Returning to some of the themes addressed in Chapter 3, this final chapter considers the wider social responsibilities of archaeologists working in southern Africa in the twenty-first century. Matters discussed include gender and racial equity within the discipline itself (especially with respect to South Africa), how best to relate the work done by archaeologists to the wider public, heritage management and conflicts over this (including the restitution of cultural sites, property, and human remains), the roles of contract archaeology, university teaching departments, and museums, the importance of publication, and the potential for developing post-colonial approaches to the interpretation of archaeological evidence. In highlighting possible future research trends, the chapter concludes by emphasising the need for work that is both intellectually sound and socially engaged and by reiterating the global significance of southern Africa’s immensely long and varied archaeological record.
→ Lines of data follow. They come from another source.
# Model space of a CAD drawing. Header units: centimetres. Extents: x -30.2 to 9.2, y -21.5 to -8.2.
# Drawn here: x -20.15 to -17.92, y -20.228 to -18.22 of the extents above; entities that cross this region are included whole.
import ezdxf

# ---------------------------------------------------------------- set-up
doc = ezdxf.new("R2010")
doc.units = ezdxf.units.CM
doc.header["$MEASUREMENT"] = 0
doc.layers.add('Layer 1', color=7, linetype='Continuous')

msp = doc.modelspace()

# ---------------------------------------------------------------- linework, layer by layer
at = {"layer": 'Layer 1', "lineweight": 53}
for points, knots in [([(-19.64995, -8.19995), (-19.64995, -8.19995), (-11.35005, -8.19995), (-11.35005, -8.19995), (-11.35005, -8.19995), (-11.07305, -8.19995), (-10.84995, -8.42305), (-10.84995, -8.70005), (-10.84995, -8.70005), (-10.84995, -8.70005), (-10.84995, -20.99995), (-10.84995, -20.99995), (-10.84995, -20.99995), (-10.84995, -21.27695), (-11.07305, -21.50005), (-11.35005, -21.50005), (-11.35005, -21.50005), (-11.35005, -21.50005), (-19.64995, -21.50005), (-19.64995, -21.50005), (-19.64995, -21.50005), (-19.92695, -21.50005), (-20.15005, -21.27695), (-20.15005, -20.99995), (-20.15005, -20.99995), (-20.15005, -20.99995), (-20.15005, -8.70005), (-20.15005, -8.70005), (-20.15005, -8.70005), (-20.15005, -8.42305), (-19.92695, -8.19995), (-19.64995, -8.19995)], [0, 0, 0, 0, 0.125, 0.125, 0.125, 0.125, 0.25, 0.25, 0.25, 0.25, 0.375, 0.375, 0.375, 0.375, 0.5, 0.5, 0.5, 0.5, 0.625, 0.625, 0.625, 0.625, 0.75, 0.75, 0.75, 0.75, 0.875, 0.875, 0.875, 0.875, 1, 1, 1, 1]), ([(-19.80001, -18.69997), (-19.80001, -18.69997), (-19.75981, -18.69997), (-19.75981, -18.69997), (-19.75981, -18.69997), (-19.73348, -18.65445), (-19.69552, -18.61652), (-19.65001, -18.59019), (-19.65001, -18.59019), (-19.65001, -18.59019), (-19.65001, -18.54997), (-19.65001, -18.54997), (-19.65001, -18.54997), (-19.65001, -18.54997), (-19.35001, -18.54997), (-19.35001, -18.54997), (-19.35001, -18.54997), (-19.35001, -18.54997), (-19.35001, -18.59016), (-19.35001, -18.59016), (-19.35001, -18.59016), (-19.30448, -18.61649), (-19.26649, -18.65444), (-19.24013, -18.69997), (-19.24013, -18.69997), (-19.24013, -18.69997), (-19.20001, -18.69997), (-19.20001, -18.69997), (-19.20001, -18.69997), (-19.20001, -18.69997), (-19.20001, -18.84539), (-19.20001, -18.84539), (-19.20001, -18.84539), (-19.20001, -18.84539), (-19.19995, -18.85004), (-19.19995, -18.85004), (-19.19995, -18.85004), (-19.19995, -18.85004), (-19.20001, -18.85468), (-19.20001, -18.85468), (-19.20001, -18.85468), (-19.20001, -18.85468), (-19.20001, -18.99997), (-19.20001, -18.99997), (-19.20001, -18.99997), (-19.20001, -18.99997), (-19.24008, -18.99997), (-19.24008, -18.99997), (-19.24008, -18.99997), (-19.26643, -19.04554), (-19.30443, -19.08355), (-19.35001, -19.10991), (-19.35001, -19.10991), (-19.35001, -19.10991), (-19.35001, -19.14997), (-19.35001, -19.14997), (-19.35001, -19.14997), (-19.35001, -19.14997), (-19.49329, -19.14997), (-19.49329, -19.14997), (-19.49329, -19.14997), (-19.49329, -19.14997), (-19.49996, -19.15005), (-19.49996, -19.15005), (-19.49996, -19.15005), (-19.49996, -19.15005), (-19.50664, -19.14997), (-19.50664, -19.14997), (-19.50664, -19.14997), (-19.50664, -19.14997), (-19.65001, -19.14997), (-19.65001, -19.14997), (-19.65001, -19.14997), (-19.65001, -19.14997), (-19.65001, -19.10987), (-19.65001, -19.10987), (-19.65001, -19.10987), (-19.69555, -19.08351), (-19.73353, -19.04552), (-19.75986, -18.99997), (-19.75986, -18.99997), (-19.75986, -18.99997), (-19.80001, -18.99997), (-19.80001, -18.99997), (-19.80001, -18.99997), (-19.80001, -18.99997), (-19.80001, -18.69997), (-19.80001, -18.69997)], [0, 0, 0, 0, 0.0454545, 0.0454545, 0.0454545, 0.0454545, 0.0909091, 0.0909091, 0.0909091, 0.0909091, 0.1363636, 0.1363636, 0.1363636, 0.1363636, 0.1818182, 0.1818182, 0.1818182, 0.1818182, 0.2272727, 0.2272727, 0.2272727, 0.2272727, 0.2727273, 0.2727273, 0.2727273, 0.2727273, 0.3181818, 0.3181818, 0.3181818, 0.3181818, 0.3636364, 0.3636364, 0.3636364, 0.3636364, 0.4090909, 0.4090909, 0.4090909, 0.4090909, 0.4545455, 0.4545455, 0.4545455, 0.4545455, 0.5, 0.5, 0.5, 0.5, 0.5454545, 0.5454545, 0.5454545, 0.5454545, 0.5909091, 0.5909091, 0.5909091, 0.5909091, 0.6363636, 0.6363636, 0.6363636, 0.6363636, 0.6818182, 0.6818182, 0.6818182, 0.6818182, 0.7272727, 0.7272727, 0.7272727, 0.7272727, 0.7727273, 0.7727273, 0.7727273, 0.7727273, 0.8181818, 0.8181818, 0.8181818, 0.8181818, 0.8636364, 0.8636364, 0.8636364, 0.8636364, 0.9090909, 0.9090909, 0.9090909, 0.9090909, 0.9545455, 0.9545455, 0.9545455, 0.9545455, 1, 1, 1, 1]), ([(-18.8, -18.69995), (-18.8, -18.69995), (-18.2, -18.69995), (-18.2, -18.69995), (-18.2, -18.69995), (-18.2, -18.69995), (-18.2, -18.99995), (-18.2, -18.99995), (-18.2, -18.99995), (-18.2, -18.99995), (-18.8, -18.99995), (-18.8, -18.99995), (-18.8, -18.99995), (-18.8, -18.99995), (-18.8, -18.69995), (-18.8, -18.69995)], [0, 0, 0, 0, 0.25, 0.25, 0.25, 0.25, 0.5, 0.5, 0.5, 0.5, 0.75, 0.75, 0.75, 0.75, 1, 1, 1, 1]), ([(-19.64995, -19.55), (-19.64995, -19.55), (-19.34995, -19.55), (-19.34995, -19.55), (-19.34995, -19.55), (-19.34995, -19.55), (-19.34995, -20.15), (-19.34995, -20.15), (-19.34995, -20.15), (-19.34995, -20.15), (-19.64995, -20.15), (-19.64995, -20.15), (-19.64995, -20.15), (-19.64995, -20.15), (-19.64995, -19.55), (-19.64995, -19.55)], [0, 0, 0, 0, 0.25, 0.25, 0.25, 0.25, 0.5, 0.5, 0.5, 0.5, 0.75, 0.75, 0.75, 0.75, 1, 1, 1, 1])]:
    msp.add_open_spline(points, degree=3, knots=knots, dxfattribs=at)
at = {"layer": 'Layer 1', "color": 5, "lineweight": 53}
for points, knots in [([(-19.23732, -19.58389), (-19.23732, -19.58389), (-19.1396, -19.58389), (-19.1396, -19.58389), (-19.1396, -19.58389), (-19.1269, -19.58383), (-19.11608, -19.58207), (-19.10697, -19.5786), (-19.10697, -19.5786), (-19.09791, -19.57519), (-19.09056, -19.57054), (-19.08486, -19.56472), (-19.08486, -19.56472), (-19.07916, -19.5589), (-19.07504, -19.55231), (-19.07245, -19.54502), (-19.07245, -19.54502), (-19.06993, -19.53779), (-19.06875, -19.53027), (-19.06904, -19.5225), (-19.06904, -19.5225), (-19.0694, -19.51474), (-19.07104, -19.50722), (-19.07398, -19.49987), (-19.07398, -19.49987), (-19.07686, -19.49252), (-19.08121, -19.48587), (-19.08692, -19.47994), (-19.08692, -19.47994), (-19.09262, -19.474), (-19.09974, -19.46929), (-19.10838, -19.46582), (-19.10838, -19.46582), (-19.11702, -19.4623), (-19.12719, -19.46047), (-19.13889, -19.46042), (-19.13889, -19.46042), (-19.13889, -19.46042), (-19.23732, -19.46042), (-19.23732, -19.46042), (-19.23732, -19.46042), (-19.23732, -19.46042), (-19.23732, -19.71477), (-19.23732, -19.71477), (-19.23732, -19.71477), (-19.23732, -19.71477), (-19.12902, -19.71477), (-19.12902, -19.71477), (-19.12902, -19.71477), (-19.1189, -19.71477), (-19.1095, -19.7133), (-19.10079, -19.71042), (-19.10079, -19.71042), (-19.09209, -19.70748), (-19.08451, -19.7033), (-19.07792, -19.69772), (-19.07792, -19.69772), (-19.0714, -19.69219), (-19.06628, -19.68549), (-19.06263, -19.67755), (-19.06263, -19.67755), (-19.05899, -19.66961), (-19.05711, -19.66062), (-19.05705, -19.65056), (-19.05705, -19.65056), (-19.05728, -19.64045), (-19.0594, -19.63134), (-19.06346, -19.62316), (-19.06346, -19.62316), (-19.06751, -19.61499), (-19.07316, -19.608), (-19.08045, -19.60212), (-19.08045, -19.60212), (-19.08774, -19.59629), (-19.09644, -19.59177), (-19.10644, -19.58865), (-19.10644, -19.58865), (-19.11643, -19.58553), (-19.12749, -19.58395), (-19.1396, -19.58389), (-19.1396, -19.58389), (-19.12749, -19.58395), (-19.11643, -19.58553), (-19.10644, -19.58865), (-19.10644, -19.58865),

This chapter sets out some of the key frameworks within which southern African archaeology operates. It first establishes the boundaries of ‘southern Africa’ for the purposes of this book and then examines the region’s physical geography. The climate and topography described frame southern Africa’s present-day ecology, which is discussed using the biome divisions of Mucina and Rutherford (2006). The chapter then considers how environmental change affected southern Africa during the Quaternary (using the well-known Marine Isotope Stage (MIS) system), the data that archaeologists and others use to reconstruct past environments, and the principal climatic mechanisms at work in the region. It concludes by outlining and assessing the major chronometric and other dating methods employed to build the chronological framework of southern Africa’s past.